Top of Records for this exercise
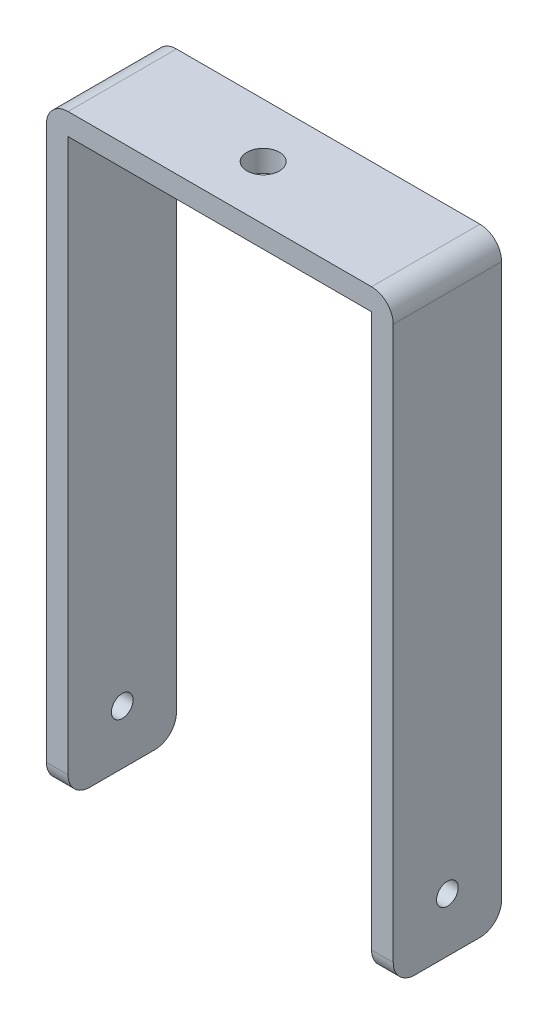
ISO-10303-21;
HEADER;
FILE_DESCRIPTION(('STEP AP214'),'2;1');
FILE_NAME('part.step','',(''),(''),'','','');
FILE_SCHEMA(('AUTOMOTIVE_DESIGN { 1 0 10303 214 1 1 1 1 }'));
ENDSEC;
DATA;
#1=APPLICATION_CONTEXT('core data for automotive mechanical design processes');
#2=APPLICATION_PROTOCOL_DEFINITION('international standard','automotive_design',2000,#1);
#3=PRODUCT_CONTEXT('',#1,'mechanical');
#4=PRODUCT('Part','Part','',(#3));
#5=PRODUCT_RELATED_PRODUCT_CATEGORY('part','',(#4));
#6=PRODUCT_DEFINITION_FORMATION('','',#4);
#7=PRODUCT_DEFINITION_CONTEXT('part definition',#1,'design');
#8=PRODUCT_DEFINITION('design','',#6,#7);
#9=PRODUCT_DEFINITION_SHAPE('','',#8);
#10=(LENGTH_UNIT() NAMED_UNIT(*) SI_UNIT(.MILLI.,.METRE.));
#11=(NAMED_UNIT(*) PLANE_ANGLE_UNIT() SI_UNIT($,.RADIAN.));
#12=(NAMED_UNIT(*) SI_UNIT($,.STERADIAN.) SOLID_ANGLE_UNIT());
#13=UNCERTAINTY_MEASURE_WITH_UNIT(LENGTH_MEASURE(1.E-05),#10,'distance_accuracy_value','');
#14=(GEOMETRIC_REPRESENTATION_CONTEXT(3) GLOBAL_UNCERTAINTY_ASSIGNED_CONTEXT((#13)) GLOBAL_UNIT_ASSIGNED_CONTEXT((#10,
#11,#12)) REPRESENTATION_CONTEXT('',''));
#15=CARTESIAN_POINT('',(0.,0.,0.));
#16=DIRECTION('',(0.,0.,1.));
#17=DIRECTION('',(1.,0.,0.));
#18=AXIS2_PLACEMENT_3D('',#15,#16,#17);
#19=CARTESIAN_POINT('',(10.,0.,50.));
#20=DIRECTION('',(0.,1.,0.));
#21=DIRECTION('',(-1.,0.,0.));
#22=AXIS2_PLACEMENT_3D('',#19,#20,#21);
#23=PLANE('',#22);
#24=DIRECTION('',(0.,0.,-1.));
#25=VECTOR('',#24,1.);
#26=CARTESIAN_POINT('',(10.,0.,50.));
#27=LINE('',#26,#25);
#28=CARTESIAN_POINT('',(10.,0.,40.));
#29=VERTEX_POINT('',#28);
#30=CARTESIAN_POINT('',(10.,0.,10.));
#31=VERTEX_POINT('',#30);
#32=EDGE_CURVE('E155',#29,#31,#27,.T.);
#33=ORIENTED_EDGE('',*,*,#32,.F.);
#34=DIRECTION('',(1.,0.,0.));
#35=VECTOR('',#34,1.);
#36=CARTESIAN_POINT('',(10.,0.,40.));
#37=LINE('',#36,#35);
#38=CARTESIAN_POINT('',(0.,0.,40.));
#39=VERTEX_POINT('',#38);
#40=EDGE_CURVE('E214',#29,#39,#37,.F.);
#41=ORIENTED_EDGE('',*,*,#40,.T.);
#42=DIRECTION('',(0.,0.,-1.));
#43=VECTOR('',#42,1.);
#44=CARTESIAN_POINT('',(0.,0.,50.));
#45=LINE('',#44,#43);
#46=CARTESIAN_POINT('',(0.,0.,10.));
#47=VERTEX_POINT('',#46);
#48=EDGE_CURVE('E174',#39,#47,#45,.T.);
#49=ORIENTED_EDGE('',*,*,#48,.T.);
#50=DIRECTION('',(1.,0.,0.));
#51=VECTOR('',#50,1.);
#52=CARTESIAN_POINT('',(10.,0.,10.));
#53=LINE('',#52,#51);
#54=EDGE_CURVE('E211',#47,#31,#53,.T.);
#55=ORIENTED_EDGE('',*,*,#54,.T.);
#56=EDGE_LOOP('',(#33,#41,#49,#55));
#57=FACE_BOUND('',#56,.T.);
#58=ADVANCED_FACE('F33',(#57),#23,.F.);
#59=CARTESIAN_POINT('',(9.99999999999997,265.,50.));
#60=DIRECTION('',(-1.,0.,0.));
#61=DIRECTION('',(0.,-1.,0.));
#62=AXIS2_PLACEMENT_3D('',#59,#60,#61);
#63=PLANE('',#62);
#64=CARTESIAN_POINT('',(10.,25.,25.));
#65=DIRECTION('',(-1.,0.,0.));
#66=DIRECTION('',(0.,-1.,0.));
#67=AXIS2_PLACEMENT_3D('',#64,#65,#66);
#68=CIRCLE('',#67,5.);
#69=CARTESIAN_POINT('',(10.,20.,25.));
#70=VERTEX_POINT('',#69);
#71=EDGE_CURVE('E177',#70,#70,#68,.T.);
#72=ORIENTED_EDGE('',*,*,#71,.T.);
#73=EDGE_LOOP('',(#72));
#74=FACE_BOUND('',#73,.T.);
#75=DIRECTION('',(0.,1.,0.));
#76=VECTOR('',#75,1.);
#77=CARTESIAN_POINT('',(9.99999999999997,265.,50.));
#78=LINE('',#77,#76);
#79=CARTESIAN_POINT('',(10.,10.,50.));
#80=VERTEX_POINT('',#79);
#81=CARTESIAN_POINT('',(9.99999999999997,265.,50.));
#82=VERTEX_POINT('',#81);
#83=EDGE_CURVE('E135',#80,#82,#78,.T.);
#84=ORIENTED_EDGE('',*,*,#83,.F.);
#85=CARTESIAN_POINT('',(10.,10.,40.));
#86=DIRECTION('',(-1.,0.,0.));
#87=DIRECTION('',(0.,-1.,0.));
#88=AXIS2_PLACEMENT_3D('',#85,#86,#87);
#89=CIRCLE('',#88,10.);
#90=EDGE_CURVE('E209',#80,#29,#89,.F.);
#91=ORIENTED_EDGE('',*,*,#90,.T.);
#92=ORIENTED_EDGE('',*,*,#32,.T.);
#93=CARTESIAN_POINT('',(10.,10.,10.));
#94=DIRECTION('',(-1.,0.,0.));
#95=DIRECTION('',(0.,-1.,0.));
#96=AXIS2_PLACEMENT_3D('',#93,#94,#95);
#97=CIRCLE('',#96,10.);
#98=CARTESIAN_POINT('',(10.,10.,0.));
#99=VERTEX_POINT('',#98);
#100=EDGE_CURVE('E207',#31,#99,#97,.F.);
#101=ORIENTED_EDGE('',*,*,#100,.T.);
#102=DIRECTION('',(0.,1.,0.));
#103=VECTOR('',#102,1.);
#104=CARTESIAN_POINT('',(9.99999999999997,265.,0.));
#105=LINE('',#104,#103);
#106=CARTESIAN_POINT('',(9.99999999999997,265.,0.));
#107=VERTEX_POINT('',#106);
#108=EDGE_CURVE('E152',#99,#107,#105,.T.);
#109=ORIENTED_EDGE('',*,*,#108,.T.);
#110=DIRECTION('',(0.,0.,-1.));
#111=VECTOR('',#110,1.);
#112=CARTESIAN_POINT('',(9.99999999999997,265.,50.));
#113=LINE('',#112,#111);
#114=EDGE_CURVE('E149',#82,#107,#113,.T.);
#115=ORIENTED_EDGE('',*,*,#114,.F.);
#116=EDGE_LOOP('',(#84,#91,#92,#101,#109,#115));
#117=FACE_BOUND('',#116,.T.);
#118=ADVANCED_FACE('F150',(#74,#117),#63,.F.);
#119=CARTESIAN_POINT('',(150.,265.,50.));
#120=DIRECTION('',(0.,1.,0.));
#121=DIRECTION('',(0.,0.,1.));
#122=AXIS2_PLACEMENT_3D('',#119,#120,#121);
#123=PLANE('',#122);
#124=CARTESIAN_POINT('',(74.9999999999999,265.,25.));
#125=DIRECTION('',(0.,1.,0.));
#126=DIRECTION('',(0.,0.,1.));
#127=AXIS2_PLACEMENT_3D('',#124,#125,#126);
#128=CIRCLE('',#127,7.50000000000001);
#129=CARTESIAN_POINT('',(74.9999999999999,265.,32.5));
#130=VERTEX_POINT('',#129);
#131=EDGE_CURVE('E454',#130,#130,#128,.T.);
#132=ORIENTED_EDGE('',*,*,#131,.T.);
#133=EDGE_LOOP('',(#132));
#134=FACE_BOUND('',#133,.T.);
#135=DIRECTION('',(1.,0.,0.));
#136=VECTOR('',#135,1.);
#137=CARTESIAN_POINT('',(150.,265.,0.));
#138=LINE('',#137,#136);
#139=CARTESIAN_POINT('',(150.,265.,0.));
#140=VERTEX_POINT('',#139);
#141=EDGE_CURVE('E176',#107,#140,#138,.T.);
#142=ORIENTED_EDGE('',*,*,#141,.T.);
#143=DIRECTION('',(0.,0.,-1.));
#144=VECTOR('',#143,1.);
#145=CARTESIAN_POINT('',(150.,265.,50.));
#146=LINE('',#145,#144);
#147=CARTESIAN_POINT('',(150.,265.,50.));
#148=VERTEX_POINT('',#147);
#149=EDGE_CURVE('E156',#148,#140,#146,.T.);
#150=ORIENTED_EDGE('',*,*,#149,.F.);
#151=DIRECTION('',(1.,0.,0.));
#152=VECTOR('',#151,1.);
#153=CARTESIAN_POINT('',(150.,265.,50.));
#154=LINE('',#153,#152);
#155=EDGE_CURVE('E141',#82,#148,#154,.T.);
#156=ORIENTED_EDGE('',*,*,#155,.F.);
#157=ORIENTED_EDGE('',*,*,#114,.T.);
#158=EDGE_LOOP('',(#142,#150,#156,#157));
#159=FACE_BOUND('',#158,.T.);
#160=ADVANCED_FACE('F158',(#134,#159),#123,.F.);
#161=CARTESIAN_POINT('',(150.,0.,50.));
#162=DIRECTION('',(1.,0.,0.));
#163=DIRECTION('',(0.,0.,-1.));
#164=AXIS2_PLACEMENT_3D('',#161,#162,#163);
#165=PLANE('',#164);
#166=CARTESIAN_POINT('',(150.,25.,25.));
#167=DIRECTION('',(1.,0.,0.));
#168=DIRECTION('',(0.,0.,-1.));
#169=AXIS2_PLACEMENT_3D('',#166,#167,#168);
#170=CIRCLE('',#169,5.);
#171=CARTESIAN_POINT('',(150.,25.,20.));
#172=VERTEX_POINT('',#171);
#173=EDGE_CURVE('E467',#172,#172,#170,.T.);
#174=ORIENTED_EDGE('',*,*,#173,.T.);
#175=EDGE_LOOP('',(#174));
#176=FACE_BOUND('',#175,.T.);
#177=DIRECTION('',(0.,0.,-1.));
#178=VECTOR('',#177,1.);
#179=CARTESIAN_POINT('',(150.,0.,50.));
#180=LINE('',#179,#178);
#181=CARTESIAN_POINT('',(150.,0.,40.));
#182=VERTEX_POINT('',#181);
#183=CARTESIAN_POINT('',(150.,0.,10.));
#184=VERTEX_POINT('',#183);
#185=EDGE_CURVE('E194',#182,#184,#180,.T.);
#186=ORIENTED_EDGE('',*,*,#185,.F.);
#187=CARTESIAN_POINT('',(150.,10.,40.));
#188=DIRECTION('',(1.,0.,0.));
#189=DIRECTION('',(0.,0.,-1.));
#190=AXIS2_PLACEMENT_3D('',#187,#188,#189);
#191=CIRCLE('',#190,10.);
#192=CARTESIAN_POINT('',(150.,10.,50.));
#193=VERTEX_POINT('',#192);
#194=EDGE_CURVE('E242',#182,#193,#191,.F.);
#195=ORIENTED_EDGE('',*,*,#194,.T.);
#196=DIRECTION('',(0.,-1.,0.));
#197=VECTOR('',#196,1.);
#198=CARTESIAN_POINT('',(150.,0.,50.));
#199=LINE('',#198,#197);
#200=EDGE_CURVE('E161',#148,#193,#199,.T.);
#201=ORIENTED_EDGE('',*,*,#200,.F.);
#202=ORIENTED_EDGE('',*,*,#149,.T.);
#203=DIRECTION('',(0.,-1.,0.));
#204=VECTOR('',#203,1.);
#205=CARTESIAN_POINT('',(150.,0.,0.));
#206=LINE('',#205,#204);
#207=CARTESIAN_POINT('',(150.,10.,0.));
#208=VERTEX_POINT('',#207);
#209=EDGE_CURVE('E179',#140,#208,#206,.T.);
#210=ORIENTED_EDGE('',*,*,#209,.T.);
#211=CARTESIAN_POINT('',(150.,10.,10.));
#212=DIRECTION('',(1.,0.,0.));
#213=DIRECTION('',(0.,0.,-1.));
#214=AXIS2_PLACEMENT_3D('',#211,#212,#213);
#215=CIRCLE('',#214,10.);
#216=EDGE_CURVE('E48',#208,#184,#215,.F.);
#217=ORIENTED_EDGE('',*,*,#216,.T.);
#218=EDGE_LOOP('',(#186,#195,#201,#202,#210,#217));
#219=FACE_BOUND('',#218,.T.);
#220=ADVANCED_FACE('F276',(#176,#219),#165,.F.);
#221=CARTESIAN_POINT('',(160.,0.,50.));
Bottom of Records for this exercise
**Activity**
Your reply should consist solely of the lines above, from the opening line through the line with "#10=(LENGTH_UNIT() NAMED_UNIT(*) SI_UNIT(.MILLI.,.METRE.));", reproduced exactly and without pictures.

**Response area**
ISO-10303-21;
HEADER;
FILE_DESCRIPTION(('STEP AP214'),'2;1');
FILE_NAME('part.step','',(''),(''),'','','');
FILE_SCHEMA(('AUTOMOTIVE_DESIGN { 1 0 10303 214 1 1 1 1 }'));
ENDSEC;
DATA;
#1=APPLICATION_CONTEXT('core data for automotive mechanical design processes');
#2=APPLICATION_PROTOCOL_DEFINITION('international standard','automotive_design',2000,#1);
#3=PRODUCT_CONTEXT('',#1,'mechanical');
#4=PRODUCT('Part','Part','',(#3));
#5=PRODUCT_RELATED_PRODUCT_CATEGORY('part','',(#4));
#6=PRODUCT_DEFINITION_FORMATION('','',#4);
#7=PRODUCT_DEFINITION_CONTEXT('part definition',#1,'design');
#8=PRODUCT_DEFINITION('design','',#6,#7);
#9=PRODUCT_DEFINITION_SHAPE('','',#8);
#10=(LENGTH_UNIT() NAMED_UNIT(*) SI_UNIT(.MILLI.,.METRE.));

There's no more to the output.